この記事について
- この記事はdatatech-jp Advent Calendar 2024の12月5日分として記載しています
はじめに
- データ管理やデータ整備、データ分析等の文脈でメタデータという言葉をよく聞くと思います
- その意味としては「データについてのデータ」、RDBで言えばデータのスキーマ名、列名、データ型、などなどの属性情報を指すわけです
- しかしこのメタデータ、色々な分野で見るよな、と考えた個人的な意見などを以下に記載します
定義について
- 色々なサイトでメタデータについて定義づけられていたので、いくつか挙げてみます
Wikipedia 「メタデータ」 より以下抜粋
- メタデータ(英語:metadata)、メタ情報とは、メタなデータ、すなわちデータについてのデータという意味で、あるデータが付随して持つそのデータ自身についての付加的なデータを指す
- 情報検索システムの検索の対象となるデータを要約したデータのことをメタデータと呼んでいる
- 図書館情報学の分野では書誌情報と呼ぶこともある
- 例えば文書であれば著者名や表題、発表年月日等のほか、関連キーワードなどを含めるのが一般的である。また、デジタルカメラを用いて写真を撮影し、JPEGファイルとして保存した場合、Exifにそったメタデータが自動的に作成されるのが一般的である
総務省のファイルより抜粋
- メタデータとは、コンテンツ自身のことを説明するためのデータのこと
- 本について言えば本の「タイトル」「著者」「出版社」「発行日」「値段」など
- 検索用のキーワードをメタデータとしてあらかじめ付与しておくことで、対象となる情報資源を効率的に検索したり、あるいはコンテンツがデジタルデータの場合は、どのようなフォーマットで保存されているのかをメタデータとして記録しておくことで、再生するための方法を識別したりすることができます
- 例えば「地名で検索する」「地図で検索する」などの検索機能は、撮影場所(位置情報)をメタデータとして登録しておくことによって実現される機能です
- 地図アプリは位置情報を緯度経度で表すため、地図で検索させたい場合には、撮影場所のメタデータは地名ではなく緯度経度を使います。また、地区の名称で検索させたい場合は、地区名を使います
imagazine 「非構造化データの分析に不可欠なメタデータ管理」 より以下抜粋
- データの付随情報である「メタデータ」
- たとえば、Aさん宛てにリンゴを送るとしよう
- リンゴはダンボール箱に入れてあり、配送先(Aさん)の住所・宛名、配送元の住所・送り主名を記したラベルがダンボール箱に貼ってある
- リンゴの産地・品種・糖度・生産者・お奨めの調理法などを明記した紙がダンボール箱に同梱されている
- 「データ」はリンゴそのもの
- リンゴ(=データ)に関する付随情報として添えられている配送先・配送元の住所・名前が「システム・メタデータ」
- リンゴごとに販売者が追記した詳細情報が「カスタム・メタデータ」
メタデータ実例
- 上記の定義を踏まえて、改めて身の回りで目についたメタデータ(またはそれっぽいもの)を以下に記載してみます
IMDbで見られる映画情報
-
映画の中身がデータだとしたら、監督や主演、上映年、分野に関するタグ、配信しているサイト、レーティング、というのもメタデータかと思われます
-
以下画面はStar Warsについてのメタデータです
映画.comで見られる映画情報
-
以下画面は、私が小学生の頃に出演した、伊丹市制施行50周年記念映画「ひとけたの夏」のメタデータです
-
1992年制作、と書いてありますが、撮影して公開されたのは1990年だったはずなんだけどなあ。

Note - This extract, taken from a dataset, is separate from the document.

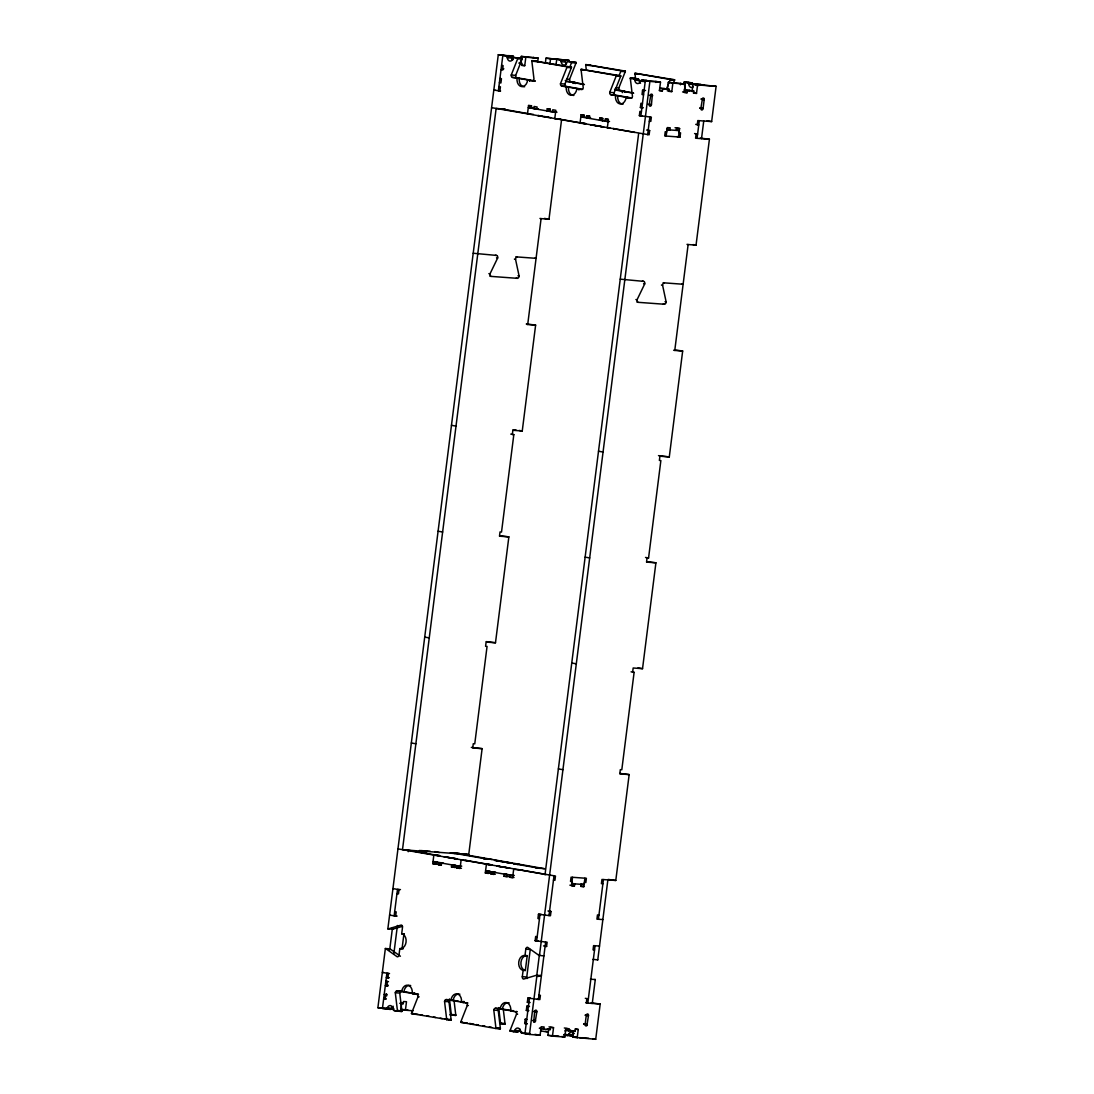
<?xml version="1.0" encoding="UTF-8"?>
<svg xmlns="http://www.w3.org/2000/svg" width="1094" height="1094" viewBox="0 0 1094 1094"><rect width="100%" height="100%" fill="white"/><g stroke="black" fill="none" stroke-linecap="round" stroke-linejoin="round"><path stroke-width="1.5" d="M585.099 1024.668L585.399 1025.611A1.832 1.272 -80 0 0 586.876 1025.625L588.476 1015.615A1.6 1.108 -80 0 0 587.574 1013.947A1.6 1.108 -80 0 0 586.261 1015.451L585.112 1024.531L583.69 1024.285M650.903 94.426L649.207 104.532A1.6 1.108 -80 0 0 650.123 106.2A1.6 1.108 -80 0 0 651.436 104.696L652.366 94.631A1.832 1.272 -80 0 0 650.903 94.453M386.538 993.79L386.702 995.896M533.763 1021.796A1.832 1.272 -80 0 0 535.226 1021.823L536.826 1011.813A1.6 1.108 -80 0 0 535.923 1010.145A1.6 1.108 -80 0 0 534.61 1011.649L533.749 1021.823M652.571 95.602L650.301 95.205M704.221 99.404L704.085 98.528A1.832 1.272 -80 0 0 702.553 98.241L700.857 108.32A1.6 1.108 -80 0 0 701.774 109.988A1.6 1.108 -80 0 0 703.086 108.484L704.221 99.404L701.664 98.952M393.279 1006.248A4.28 3.077 -85.8 0 0 391.693 1008.244A2.133 1.532 -85.8 0 1 390.079 1009.406L377.895 1007.711L385.361 948.525L389.82 948.854A2.133 1.532 -85.8 0 1 390.243 949.018L400.418 956.224M402.455 926.317L392.746 929.175L387.85 928.861L498.29 54.7L513.455 56.286L513.059 59.459M389.669 949.961L392.445 928.054M385.635 998.781L383.679 998.631L385.197 998.904L385.731 994.665L386.852 994.747M387.85 984.874A1.6 1.108 -80 0 0 387.563 985.735L385.334 985.571L386.852 985.844L387.385 981.605L388.493 981.687M388.862 977.639L386.36 977.448L387.878 977.721L388.411 973.482L382.353 972.416L383.461 972.498M386.961 1008.217L390.079 1009.406M393.799 954.132L397.423 925.483M388.589 1007.971L383.201 1008.107M408.24 851.706L408.431 850.12M508.778 56.546L508.915 55.479M387.85 928.861A2.133 1.532 -85.8 0 0 388.302 928.847L401.252 925.032A2.133 1.532 -85.8 0 1 402.496 927.425L401.689 933.77A7.48 5.374 -85.8 0 1 406.065 942.125A7.48 5.374 -85.8 0 1 399.816 948.594L399.023 954.953A2.133 1.532 -85.8 0 1 397.231 956.799L385.785 948.689A2.133 1.532 -85.8 0 0 385.361 948.525M389.737 1009.051L393.061 1009.297L393.266 1007.711M399.816 948.594L402.045 948.758L403.918 933.934L401.689 933.77M400.937 1008.873L401.744 1002.514M520.334 63.794L520.73 60.621M521.004 58.502L521.264 56.382L538.166 58.091L537.701 61.797M400.048 1003.389L403.262 1003.636L403.522 1001.516L406.489 1001.735L405.423 1010.2L400.869 1009.406L407.83 1009.912M518.829 63.083L522.043 63.329L521.783 65.449L524.751 65.667L525.817 57.189L538.166 58.091M533.489 58.351L533.626 57.298M440.239 864.534L432.759 863.672L433.839 855.207L439.761 855.631L435.248 854.988M531.506 105.721L528.539 105.503L527.472 113.967L533.407 114.405M435.795 864.205L436.068 862.086M441.62 863.07L441.347 865.19L438.325 864.657L438.585 862.537L443.043 862.865M536.867 109.126L537.127 107.007L534.104 106.474L533.831 108.593L538.275 108.921L531.301 108.156L531.575 106.036L528.539 105.503M545.373 62.973L545.974 58.201L569.058 60.361L545.974 58.201M549.926 63.767L550.528 59.008M458.947 867.829L451.466 866.968L451.726 864.848L455.706 865.258M550.2 109.017L547.246 108.798L546.973 110.918L550.802 111.301M454.489 867.501L454.762 865.381M556.08 64.396L556.709 59.459L564.354 60.348A2.133 1.532 -85.8 0 1 565.598 62.016A4.28 3.077 -85.8 0 0 566.227 63.931M468.601 860.869L470.078 860.978L461.121 860.007L460.054 868.486L457.018 867.952L457.292 865.833L461.736 866.161M510.789 434.099L513.824 434.633L501.517 532.053L500.026 531.944L499.493 536.183L508.86 536.867L495.486 642.766L486.119 642.069L485.586 646.308L487.062 646.417L474.755 743.838L473.278 743.729L472.745 747.968L482.112 748.652L468.738 854.537L424.021 851.255M526.57 324.316L527.705 324.508L541.092 218.622L548.997 219.197L561.537 119.93M513.824 434.633L512.334 434.537L512.867 430.298L522.248 430.981L535.622 325.096L526.323 323.947M488.621 871.357L488.348 873.477L485.312 872.93L486.392 864.465L492.314 864.903L487.801 864.26M584.059 114.979L581.092 114.761L580.025 123.239L585.96 123.663L581.447 123.02M583.854 117.414L584.128 115.294L581.092 114.761M494.173 872.328L493.9 874.448L490.878 873.915L491.138 871.795L495.596 872.123M589.625 115.964L586.658 115.745L586.384 117.865L590.828 118.193M589.42 118.398L589.68 116.279L586.658 115.745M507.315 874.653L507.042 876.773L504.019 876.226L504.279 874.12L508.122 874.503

。。
-
データ(映像)自体はこちらで見られます
食品のパッケージに記載されたメタデータ
- 食品パッケージにメタデータ?と思われるかもしれませんが、こういうものこそメタデータと思います
- 名称、原材料、内容量、メーカー、栄養分、アレルギー情報、賞味期限、問い合わせ先など、消費者が購入に際して必要な情報が記載されています
- 以下写真は、この記事を記載していた時に食べていたラムネのパッケージです
- ブドウ糖を脳に補給しようとしていたんです
Unix/Linux のlsコマンドの結果
- UnixやLinuxを使う場合、打たない日は無いコマンドとしてls(List Segments)がありますが、このコマンドは該当するファイルのメタデータを表示してくれると言って良いと思います
- 以下では、デモ用のデータが入ったcsvファイルについてls -ltra コマンドを打った結果が出ています
- ファイルのパーミッション、ハードリンク数、所有者、グループ、ファイルサイズ、作成/更新日付、ファイル名、という並びでメタデータがリスト化されます
shumpei.kubo@shumpeinombp metadatadir % ls -ltra
total 8024
-rw-r--r--@ 1 shumpei.kubo staff 57018 5 2 2023 titanic.csv
-rw-r--r--@ 1 shumpei.kubo staff 2522280 4 2 2024 output_SPSS.csv
-rw-r--r--@ 1 shumpei.kubo staff 1526191 8 30 09:27 airline-data.csv
drwx------@ 1073 shumpei.kubo staff 34336 12 3 13:40 ..
drwxr-xr-x 5 shumpei.kubo staff 160 12 3 13:41 .
csvファイルのヘッダ(テーブルでいうところの列名)
- csvファイルのヘッダはデータそのものではなく、メタデータになりますし、これはRDBではそのまま列名になります
- 以下は、各csvファイルの上から3行を出力させたもので、最初の1行がヘッダー、あとの2行がデータの最初の2行、という事になります
shumpei.kubo@shumpeinombp metadatadir % head -3 ./*
==> ./airline-data.csv <==
Year,Month,DayofMonth,DayOfWeek,DepTime,CRSDepTime,ArrTime,CRSArrTime,UniqueCarrier,FlightNum,TailNum,ActualElapsedTime,CRSElapsedTime,AirTime,ArrDelay,DepDelay,Origin,Dest,Distance,TaxiIn,TaxiOut,Cancelled,CancellationCode,Diverted,CarrierDelay,WeatherDelay,NASDelay,SecurityDelay,LateAircraftDelay
2006,10,9,1,648,655,745,750,"WN",2506,"N513",57,55,43,-5,-7,"TUL","DAL",237,3,11,0,,0,0,0,0,0,0
2006,10,10,2,2051,2030,2159,2150,"WN",1422,"N786",128,140,117,9,21,"TPA","HOU",781,4,7,0,,0,0,0,0,0,0
==> ./output_SPSS.csv <==
"CUSTOMER_ID","LOYALTY_NBR","FIRST_NAME","LAST_NAME","CUSTOMER_NAME","COUNTRY","STATE_NAME","STATE_CODE","CITY","LATITUDE","LONGITUDE","POSTAL_CODE","GENDER","EDUCATION","LOCATION_CODE","INCOME","MARITAL_STATUS"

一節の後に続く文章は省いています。